Governo federal questiona razões do caos no sistema que só no Orçamento do Município tem mais de R$ 2,2 bilhões.

No dia 02 de março deste ano, durante audiência pública realizada pela Câmara de Vereadores para debater o caos no sistema público de saúde em Campo Grande, apontando as causas e soluções, um intrigante questionamento foi levantado por autoridades credenciadas do setor.
De acordo com o superintendente regional e representante do Ministério da Saúde, médico Ronaldo Costa, a Prefeitura Municipal deve explicações à sociedade sobre o que faz com o orçamento de R$ 2 bilhões 250 milhões destinados para a saúde no exercício de 2026.
E ao levantar o questionamento, Costa disse que em um ano foram gastos desse orçamento R$ 827 milhões, mas não haveria notícias sobre o paradeiro de aproximadamente R$ 600 milhões. “A gente não sabe onde está esse dinheiro, onde foi aplicado”, disse.
Como o caos continua e as pessoas continuam sendo muito prejudicadas pelo quadro crítico da rede pública, as cobranças se intensificam.
No MPE
O blogueiro Bruno Ortiz Barbosa anunciou que vai levar “algo muito sério” ao Ministério Público Estadual (MPE), referindo-se ao desaparecimento desse recurso.
Ele se reportou àquela audiência na Câmara, salientando que todos os vereadores – da base governista – “ficaram quietinhos” quando Costa fez a cobrança. Ele reproduz o vídeo com a fala do superintendente, ao salientar que em caixa deveriam estar os R$ 600 milhões, pois só haviam sido pagos R$ 827 milhões do bolo orçamentário.
Esta conta, na verdade, precisa ser feita e refeita, diante do que há de restos a pagar e do que foi feito com o que saiu para ser aplicado no sistema. “A Saúde é dever do Estado, com estrutura de financiamento tripartite – federal, estadual e municipal, mas o orçamento da Saúde no município não está sendo executado”, assinalou Costa. “Participei do relatório da prestação de contas e naquele dia, do mês de outubro, vimos que, dos R$ 2,25 bilhões, o município tinha executado R$ 528 milhões, referentes aos oito primeiros meses do ano”, mencionou.

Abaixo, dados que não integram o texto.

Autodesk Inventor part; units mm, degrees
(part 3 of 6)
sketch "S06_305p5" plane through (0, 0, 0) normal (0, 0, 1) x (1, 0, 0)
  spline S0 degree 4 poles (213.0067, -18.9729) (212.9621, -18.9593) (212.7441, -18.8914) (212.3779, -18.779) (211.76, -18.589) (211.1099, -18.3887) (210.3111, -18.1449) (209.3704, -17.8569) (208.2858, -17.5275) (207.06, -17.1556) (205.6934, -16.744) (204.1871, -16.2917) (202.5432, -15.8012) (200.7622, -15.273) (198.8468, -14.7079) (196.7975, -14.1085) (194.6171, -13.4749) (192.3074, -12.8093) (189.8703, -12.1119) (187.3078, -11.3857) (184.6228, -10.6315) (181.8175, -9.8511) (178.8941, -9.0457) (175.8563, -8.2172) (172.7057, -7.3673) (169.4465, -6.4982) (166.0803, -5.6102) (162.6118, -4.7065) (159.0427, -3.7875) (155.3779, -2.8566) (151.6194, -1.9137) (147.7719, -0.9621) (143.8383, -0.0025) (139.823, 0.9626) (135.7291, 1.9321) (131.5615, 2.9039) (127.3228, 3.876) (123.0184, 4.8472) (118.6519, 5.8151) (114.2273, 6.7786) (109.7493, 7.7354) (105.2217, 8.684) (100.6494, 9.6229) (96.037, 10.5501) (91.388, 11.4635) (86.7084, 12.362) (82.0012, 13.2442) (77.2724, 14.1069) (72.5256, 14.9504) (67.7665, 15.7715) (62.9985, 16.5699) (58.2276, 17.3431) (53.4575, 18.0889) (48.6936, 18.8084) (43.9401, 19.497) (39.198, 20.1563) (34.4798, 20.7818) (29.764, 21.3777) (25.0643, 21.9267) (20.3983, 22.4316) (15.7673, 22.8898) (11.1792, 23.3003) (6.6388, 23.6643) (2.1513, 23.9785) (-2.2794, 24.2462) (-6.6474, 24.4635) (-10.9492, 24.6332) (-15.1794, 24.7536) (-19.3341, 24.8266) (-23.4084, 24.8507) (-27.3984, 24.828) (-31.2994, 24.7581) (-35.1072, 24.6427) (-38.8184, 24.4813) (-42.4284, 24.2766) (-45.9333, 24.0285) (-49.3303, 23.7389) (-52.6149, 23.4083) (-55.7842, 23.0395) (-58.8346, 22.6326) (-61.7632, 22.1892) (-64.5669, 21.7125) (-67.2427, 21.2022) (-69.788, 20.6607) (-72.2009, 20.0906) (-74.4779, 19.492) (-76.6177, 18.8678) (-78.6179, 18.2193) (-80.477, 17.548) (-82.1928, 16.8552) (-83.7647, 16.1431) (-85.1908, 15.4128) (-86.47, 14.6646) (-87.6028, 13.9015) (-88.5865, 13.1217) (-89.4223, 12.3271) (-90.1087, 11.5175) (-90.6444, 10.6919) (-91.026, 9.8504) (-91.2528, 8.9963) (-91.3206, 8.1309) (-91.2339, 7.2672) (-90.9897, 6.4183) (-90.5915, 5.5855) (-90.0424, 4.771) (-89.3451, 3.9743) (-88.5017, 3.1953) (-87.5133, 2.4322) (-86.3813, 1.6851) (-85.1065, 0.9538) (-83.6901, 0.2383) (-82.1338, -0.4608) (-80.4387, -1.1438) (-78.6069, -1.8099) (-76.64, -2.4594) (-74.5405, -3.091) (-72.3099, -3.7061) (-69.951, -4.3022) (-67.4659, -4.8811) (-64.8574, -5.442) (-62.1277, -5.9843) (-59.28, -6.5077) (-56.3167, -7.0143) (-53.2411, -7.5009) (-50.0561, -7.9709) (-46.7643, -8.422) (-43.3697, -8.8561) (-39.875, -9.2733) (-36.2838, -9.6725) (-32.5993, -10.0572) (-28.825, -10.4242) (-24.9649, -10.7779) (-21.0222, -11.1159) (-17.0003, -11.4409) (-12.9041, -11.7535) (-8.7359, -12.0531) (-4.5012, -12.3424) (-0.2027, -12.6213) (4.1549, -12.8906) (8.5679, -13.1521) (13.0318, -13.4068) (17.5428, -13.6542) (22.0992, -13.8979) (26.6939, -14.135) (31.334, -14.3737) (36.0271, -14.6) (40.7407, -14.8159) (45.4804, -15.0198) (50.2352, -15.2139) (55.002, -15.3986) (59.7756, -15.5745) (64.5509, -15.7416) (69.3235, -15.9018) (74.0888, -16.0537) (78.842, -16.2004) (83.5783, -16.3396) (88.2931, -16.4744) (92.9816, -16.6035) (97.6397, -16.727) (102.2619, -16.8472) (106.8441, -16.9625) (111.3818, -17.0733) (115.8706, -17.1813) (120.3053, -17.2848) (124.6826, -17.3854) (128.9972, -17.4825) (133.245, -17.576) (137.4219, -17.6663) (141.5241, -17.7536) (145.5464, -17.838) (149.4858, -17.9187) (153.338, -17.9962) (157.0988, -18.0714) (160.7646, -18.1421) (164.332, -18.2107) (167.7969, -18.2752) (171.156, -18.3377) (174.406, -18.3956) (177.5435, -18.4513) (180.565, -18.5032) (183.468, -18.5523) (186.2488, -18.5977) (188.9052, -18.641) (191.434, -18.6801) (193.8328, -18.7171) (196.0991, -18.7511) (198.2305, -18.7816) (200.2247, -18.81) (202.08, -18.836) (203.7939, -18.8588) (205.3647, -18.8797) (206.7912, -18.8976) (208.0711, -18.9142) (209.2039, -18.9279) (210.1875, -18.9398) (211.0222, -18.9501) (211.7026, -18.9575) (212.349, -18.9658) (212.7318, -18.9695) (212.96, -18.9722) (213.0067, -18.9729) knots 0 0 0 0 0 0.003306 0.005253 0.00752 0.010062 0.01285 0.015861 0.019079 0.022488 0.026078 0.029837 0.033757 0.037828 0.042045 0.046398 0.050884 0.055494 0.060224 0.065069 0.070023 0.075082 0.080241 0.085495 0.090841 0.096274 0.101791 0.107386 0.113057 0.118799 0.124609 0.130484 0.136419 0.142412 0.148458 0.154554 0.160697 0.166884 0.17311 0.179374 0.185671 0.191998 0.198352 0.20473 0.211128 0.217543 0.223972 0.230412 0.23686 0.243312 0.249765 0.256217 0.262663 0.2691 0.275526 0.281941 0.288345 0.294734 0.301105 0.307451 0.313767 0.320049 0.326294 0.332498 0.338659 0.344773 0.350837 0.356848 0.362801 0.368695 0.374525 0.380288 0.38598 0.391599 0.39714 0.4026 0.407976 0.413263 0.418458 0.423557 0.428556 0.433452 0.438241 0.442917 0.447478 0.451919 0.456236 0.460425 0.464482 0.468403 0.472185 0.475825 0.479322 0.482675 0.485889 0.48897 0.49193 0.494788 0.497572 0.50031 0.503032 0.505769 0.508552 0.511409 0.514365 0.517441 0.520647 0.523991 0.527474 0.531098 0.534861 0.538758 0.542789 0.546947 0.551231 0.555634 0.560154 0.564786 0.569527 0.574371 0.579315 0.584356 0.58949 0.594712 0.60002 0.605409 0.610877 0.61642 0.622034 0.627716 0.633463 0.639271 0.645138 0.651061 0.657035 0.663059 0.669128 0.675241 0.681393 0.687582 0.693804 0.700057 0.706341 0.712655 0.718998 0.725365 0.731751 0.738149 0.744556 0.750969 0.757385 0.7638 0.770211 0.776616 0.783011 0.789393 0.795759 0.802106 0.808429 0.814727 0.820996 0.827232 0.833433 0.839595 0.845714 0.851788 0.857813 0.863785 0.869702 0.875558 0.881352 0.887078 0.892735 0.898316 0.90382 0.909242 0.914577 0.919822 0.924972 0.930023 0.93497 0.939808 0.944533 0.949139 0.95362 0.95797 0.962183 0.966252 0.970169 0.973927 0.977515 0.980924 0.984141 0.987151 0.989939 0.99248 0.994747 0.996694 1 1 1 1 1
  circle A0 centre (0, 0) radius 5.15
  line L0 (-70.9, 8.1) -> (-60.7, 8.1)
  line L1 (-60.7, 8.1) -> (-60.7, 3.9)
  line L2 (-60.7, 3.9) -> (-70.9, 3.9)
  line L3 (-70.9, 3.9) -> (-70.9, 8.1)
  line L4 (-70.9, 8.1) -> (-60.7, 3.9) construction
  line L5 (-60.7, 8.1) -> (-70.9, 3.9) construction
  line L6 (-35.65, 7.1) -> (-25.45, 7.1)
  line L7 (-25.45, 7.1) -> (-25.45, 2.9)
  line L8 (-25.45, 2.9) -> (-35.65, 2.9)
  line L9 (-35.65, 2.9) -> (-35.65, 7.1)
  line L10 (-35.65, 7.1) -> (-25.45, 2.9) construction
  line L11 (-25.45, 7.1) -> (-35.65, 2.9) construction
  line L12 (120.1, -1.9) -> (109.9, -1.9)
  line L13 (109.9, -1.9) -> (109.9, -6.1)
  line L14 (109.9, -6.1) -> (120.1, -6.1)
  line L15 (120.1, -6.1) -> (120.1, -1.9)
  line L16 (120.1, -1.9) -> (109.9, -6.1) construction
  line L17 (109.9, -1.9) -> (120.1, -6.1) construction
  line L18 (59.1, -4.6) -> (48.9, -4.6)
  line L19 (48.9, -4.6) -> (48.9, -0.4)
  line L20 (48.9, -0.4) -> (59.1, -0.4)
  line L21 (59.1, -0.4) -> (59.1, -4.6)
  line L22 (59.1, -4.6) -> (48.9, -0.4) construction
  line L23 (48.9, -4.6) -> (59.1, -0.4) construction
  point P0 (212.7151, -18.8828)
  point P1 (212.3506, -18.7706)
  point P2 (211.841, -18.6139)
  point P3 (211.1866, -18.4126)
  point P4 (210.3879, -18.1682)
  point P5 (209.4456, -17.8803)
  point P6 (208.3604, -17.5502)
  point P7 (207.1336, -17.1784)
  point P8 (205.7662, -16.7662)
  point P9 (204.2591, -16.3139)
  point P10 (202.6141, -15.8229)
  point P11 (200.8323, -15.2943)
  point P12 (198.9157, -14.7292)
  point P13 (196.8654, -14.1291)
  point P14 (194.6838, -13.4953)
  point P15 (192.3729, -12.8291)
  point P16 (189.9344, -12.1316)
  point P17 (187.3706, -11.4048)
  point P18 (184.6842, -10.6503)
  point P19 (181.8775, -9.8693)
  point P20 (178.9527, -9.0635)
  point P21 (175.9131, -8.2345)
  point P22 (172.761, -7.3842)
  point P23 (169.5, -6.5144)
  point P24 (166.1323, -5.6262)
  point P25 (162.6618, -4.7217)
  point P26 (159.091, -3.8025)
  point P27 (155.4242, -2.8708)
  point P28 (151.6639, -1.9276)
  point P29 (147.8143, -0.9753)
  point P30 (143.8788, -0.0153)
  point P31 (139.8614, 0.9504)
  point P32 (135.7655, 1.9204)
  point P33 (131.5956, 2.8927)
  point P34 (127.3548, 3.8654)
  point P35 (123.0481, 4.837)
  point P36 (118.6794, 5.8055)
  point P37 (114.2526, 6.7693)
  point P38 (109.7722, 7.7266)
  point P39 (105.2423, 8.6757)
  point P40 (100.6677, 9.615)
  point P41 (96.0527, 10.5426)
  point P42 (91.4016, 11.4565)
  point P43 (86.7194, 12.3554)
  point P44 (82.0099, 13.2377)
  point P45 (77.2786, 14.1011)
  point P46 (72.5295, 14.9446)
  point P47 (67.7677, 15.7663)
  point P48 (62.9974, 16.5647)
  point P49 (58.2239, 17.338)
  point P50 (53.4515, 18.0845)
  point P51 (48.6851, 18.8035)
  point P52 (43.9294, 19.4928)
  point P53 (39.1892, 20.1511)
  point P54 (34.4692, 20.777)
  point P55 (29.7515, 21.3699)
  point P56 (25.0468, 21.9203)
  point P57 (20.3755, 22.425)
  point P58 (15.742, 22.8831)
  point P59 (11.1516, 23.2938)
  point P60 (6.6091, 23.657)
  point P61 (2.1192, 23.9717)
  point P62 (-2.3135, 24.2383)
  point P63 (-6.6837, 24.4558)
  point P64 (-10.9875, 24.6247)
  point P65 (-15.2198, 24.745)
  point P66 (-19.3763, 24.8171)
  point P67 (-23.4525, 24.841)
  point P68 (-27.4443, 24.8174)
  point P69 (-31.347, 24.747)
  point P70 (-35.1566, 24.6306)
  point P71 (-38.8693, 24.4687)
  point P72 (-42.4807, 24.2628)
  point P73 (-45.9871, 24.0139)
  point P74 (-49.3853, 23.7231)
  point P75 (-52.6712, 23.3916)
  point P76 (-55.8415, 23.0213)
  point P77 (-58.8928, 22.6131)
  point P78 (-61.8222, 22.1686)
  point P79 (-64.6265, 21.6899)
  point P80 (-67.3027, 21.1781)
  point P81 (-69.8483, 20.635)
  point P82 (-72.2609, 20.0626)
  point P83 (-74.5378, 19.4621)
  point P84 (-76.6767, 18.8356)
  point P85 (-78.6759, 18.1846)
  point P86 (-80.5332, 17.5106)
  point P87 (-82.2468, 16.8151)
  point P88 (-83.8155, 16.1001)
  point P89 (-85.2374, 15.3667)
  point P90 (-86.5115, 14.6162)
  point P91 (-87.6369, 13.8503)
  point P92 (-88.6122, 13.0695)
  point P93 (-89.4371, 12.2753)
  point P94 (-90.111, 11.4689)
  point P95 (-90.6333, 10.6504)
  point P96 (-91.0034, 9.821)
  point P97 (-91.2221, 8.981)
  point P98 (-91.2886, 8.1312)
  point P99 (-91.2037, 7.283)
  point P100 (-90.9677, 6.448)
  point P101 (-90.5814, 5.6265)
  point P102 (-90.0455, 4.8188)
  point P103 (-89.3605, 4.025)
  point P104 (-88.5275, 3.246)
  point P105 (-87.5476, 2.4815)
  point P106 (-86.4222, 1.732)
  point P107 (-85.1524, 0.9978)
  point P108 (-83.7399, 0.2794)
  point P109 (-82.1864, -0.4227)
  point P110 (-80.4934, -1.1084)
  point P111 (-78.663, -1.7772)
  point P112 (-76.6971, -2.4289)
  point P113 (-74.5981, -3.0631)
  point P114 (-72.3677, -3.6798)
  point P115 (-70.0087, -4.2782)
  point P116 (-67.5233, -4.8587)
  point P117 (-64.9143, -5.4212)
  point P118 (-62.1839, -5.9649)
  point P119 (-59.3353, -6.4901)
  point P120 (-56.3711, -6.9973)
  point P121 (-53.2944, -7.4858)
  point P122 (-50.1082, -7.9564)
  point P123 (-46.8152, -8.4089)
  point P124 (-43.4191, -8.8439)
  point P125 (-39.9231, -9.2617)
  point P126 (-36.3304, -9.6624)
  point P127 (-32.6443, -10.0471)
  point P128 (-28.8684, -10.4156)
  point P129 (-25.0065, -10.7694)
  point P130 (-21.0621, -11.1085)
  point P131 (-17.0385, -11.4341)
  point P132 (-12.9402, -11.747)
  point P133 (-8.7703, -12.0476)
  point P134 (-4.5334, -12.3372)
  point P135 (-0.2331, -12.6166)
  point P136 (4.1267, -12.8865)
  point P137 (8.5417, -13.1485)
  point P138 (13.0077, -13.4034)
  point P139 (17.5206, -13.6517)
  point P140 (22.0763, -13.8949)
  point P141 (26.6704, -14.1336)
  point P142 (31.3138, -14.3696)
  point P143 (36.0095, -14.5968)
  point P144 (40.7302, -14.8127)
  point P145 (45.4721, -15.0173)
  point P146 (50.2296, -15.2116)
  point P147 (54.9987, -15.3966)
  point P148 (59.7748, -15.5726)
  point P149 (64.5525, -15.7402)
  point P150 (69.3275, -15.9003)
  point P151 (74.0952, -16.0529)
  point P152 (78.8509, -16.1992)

“E é por isto que não tem gratificação e nem valorização do servidor, não tem remédio. Sumiu quase um bilhão e nenhum vereador fala alguma coisa”, ataca Ortiz. “São R$ 600 milhões que desapareceram. Isto é muito grave. O que eu posso fazer, por enquanto, é denunciar”, dispara Ortiz.
Na audiência, Ronaldo Costa observou que apesar da crise no sistema, o Ministério da Saúde lançou programas para redução de filas e empenhou recursos adicionais.
Ele se posicionou contra a ideia da prefeita de terceirizar as UPAs e os Centros Regionais, submetendo-os às Organizações Sociais (OS).
Defendeu com veemência um SUS universal e gratuito. Por sua vez, vereadores oposicionistas continuam cobrando a prefeita Adriane Lopes sobre o uso indevido de mais de R$ 150 milhões do orçamento da saúde.
A denúncia foi formalizada pelo Conselho Municipal de Saúde e até agora nenhuma justificativa convincente foi apresentada, a não ser a informação de que o dinheiro teria sido utilizado para pagar salários de servidores.